Results: Disease severity was assessed with 45 patient visits. Mild, moderate, and severe disease corresponded with CLASI activity score ranges of 0 to 9, 10 to 20, and 21 to 70, respectively. Improvement in disease activity was assessed in 74 patients. A clinical improvement was associated with a mean 3-point or 18% decrease in the CLASI activity score. However, receiver operating characteristic analysis demonstrated an increased percentage of patients correctly classified when a 4-point (sensitivity, 39%; specificity, 93%; correctly classified, 76%) or 20% (sensitivity, 46%; specificity, 78%; correctly classified, 67%) decrease in the CLASI activity score was used instead to identify improvement.

Conclusion: The CLASI can be used to classify patients into groups according to disease severity and to identify clinically significant improvements in disease activity.

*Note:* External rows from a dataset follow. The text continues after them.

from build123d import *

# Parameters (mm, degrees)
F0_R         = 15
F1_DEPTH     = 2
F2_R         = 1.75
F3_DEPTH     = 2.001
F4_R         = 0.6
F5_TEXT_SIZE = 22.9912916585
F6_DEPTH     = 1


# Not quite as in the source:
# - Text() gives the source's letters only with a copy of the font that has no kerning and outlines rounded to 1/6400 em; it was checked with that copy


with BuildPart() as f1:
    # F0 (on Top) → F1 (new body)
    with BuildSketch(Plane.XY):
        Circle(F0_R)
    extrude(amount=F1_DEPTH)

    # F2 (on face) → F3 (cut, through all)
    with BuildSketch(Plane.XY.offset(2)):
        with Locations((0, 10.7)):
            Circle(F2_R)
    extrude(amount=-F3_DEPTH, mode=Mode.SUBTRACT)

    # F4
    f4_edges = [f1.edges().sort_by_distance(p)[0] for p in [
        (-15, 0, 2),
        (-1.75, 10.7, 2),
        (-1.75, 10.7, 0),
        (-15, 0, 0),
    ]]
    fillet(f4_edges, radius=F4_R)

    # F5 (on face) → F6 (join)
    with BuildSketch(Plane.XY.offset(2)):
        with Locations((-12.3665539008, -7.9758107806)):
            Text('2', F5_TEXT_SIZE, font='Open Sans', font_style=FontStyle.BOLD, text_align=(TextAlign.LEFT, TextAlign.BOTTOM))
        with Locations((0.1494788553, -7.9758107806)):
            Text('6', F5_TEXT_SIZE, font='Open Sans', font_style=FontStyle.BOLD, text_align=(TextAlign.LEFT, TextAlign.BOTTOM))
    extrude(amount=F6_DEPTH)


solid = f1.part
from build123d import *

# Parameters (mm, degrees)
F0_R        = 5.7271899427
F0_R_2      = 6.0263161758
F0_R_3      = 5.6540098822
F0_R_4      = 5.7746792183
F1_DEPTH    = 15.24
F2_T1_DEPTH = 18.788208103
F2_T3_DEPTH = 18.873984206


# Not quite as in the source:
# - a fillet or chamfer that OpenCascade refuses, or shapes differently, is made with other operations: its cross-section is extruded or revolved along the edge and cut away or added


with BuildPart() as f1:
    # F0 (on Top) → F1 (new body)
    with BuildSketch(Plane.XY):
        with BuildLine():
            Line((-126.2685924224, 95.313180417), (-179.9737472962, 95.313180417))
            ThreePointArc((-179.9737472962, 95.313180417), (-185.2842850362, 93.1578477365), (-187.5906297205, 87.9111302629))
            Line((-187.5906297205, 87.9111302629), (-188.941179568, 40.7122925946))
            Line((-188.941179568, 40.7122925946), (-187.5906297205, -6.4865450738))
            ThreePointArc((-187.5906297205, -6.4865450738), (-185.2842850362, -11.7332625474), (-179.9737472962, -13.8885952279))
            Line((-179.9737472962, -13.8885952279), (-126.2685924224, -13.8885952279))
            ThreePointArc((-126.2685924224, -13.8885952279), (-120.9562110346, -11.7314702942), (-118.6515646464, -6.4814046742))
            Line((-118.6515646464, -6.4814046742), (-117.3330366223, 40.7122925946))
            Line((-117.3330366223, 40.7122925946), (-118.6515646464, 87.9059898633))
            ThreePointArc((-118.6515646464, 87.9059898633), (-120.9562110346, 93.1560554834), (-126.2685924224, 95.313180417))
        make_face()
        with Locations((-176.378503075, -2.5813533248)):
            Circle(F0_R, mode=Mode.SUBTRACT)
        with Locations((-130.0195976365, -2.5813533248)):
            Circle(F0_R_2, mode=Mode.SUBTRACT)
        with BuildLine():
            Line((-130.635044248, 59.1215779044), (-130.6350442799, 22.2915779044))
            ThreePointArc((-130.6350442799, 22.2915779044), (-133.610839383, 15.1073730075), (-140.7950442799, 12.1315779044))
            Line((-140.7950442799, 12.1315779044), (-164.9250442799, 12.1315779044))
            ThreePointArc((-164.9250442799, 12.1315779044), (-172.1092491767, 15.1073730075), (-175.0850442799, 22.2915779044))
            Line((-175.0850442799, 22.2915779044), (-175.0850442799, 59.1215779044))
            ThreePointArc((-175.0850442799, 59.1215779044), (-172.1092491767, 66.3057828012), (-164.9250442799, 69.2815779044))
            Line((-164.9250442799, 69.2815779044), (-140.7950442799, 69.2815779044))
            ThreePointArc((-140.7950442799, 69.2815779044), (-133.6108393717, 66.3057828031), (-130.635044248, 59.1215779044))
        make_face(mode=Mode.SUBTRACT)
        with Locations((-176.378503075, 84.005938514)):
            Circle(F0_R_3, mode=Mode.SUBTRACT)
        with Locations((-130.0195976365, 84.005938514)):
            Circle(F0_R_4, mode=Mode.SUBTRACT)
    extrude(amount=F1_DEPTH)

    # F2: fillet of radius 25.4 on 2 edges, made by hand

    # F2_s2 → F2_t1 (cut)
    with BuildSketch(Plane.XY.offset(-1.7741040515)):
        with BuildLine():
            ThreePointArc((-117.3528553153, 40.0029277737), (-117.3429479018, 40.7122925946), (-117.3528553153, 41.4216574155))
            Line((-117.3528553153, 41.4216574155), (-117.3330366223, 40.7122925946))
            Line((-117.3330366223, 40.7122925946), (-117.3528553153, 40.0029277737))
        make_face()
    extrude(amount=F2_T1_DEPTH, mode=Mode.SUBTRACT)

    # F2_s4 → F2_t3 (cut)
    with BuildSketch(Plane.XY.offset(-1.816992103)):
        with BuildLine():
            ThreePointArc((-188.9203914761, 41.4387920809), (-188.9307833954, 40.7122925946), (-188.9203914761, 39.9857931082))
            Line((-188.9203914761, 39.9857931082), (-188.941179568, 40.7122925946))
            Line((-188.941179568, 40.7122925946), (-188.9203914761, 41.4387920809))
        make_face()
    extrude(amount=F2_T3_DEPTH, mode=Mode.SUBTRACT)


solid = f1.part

Conflict of interest statement

Financial Disclosures: None reported. The authors report no conflicts of interest.


Figure 1
Figure 1. The CLASI
The Cutaneous Lupus Erythematosus Disease Area an Severity index. Reprinted by permission for the University of Pennsylvania, copyright 2009.
Figure 2
Figure 2. CLASI scores according to disease severity
For a given range of CLASI scores, the percentage of patients within each category of disease severity was calculated.
Figure 3
Figure 3. Quality of life and disease severity
Skindex-29 scores were calculated for each subject at the initial visit. Subjects were divided into severity groups based on CLASI scores. Skindex-29 sub-scores increased with worsening disease severity, indicating strong convergent validity between the CLASI severity classifications and quality of life measures.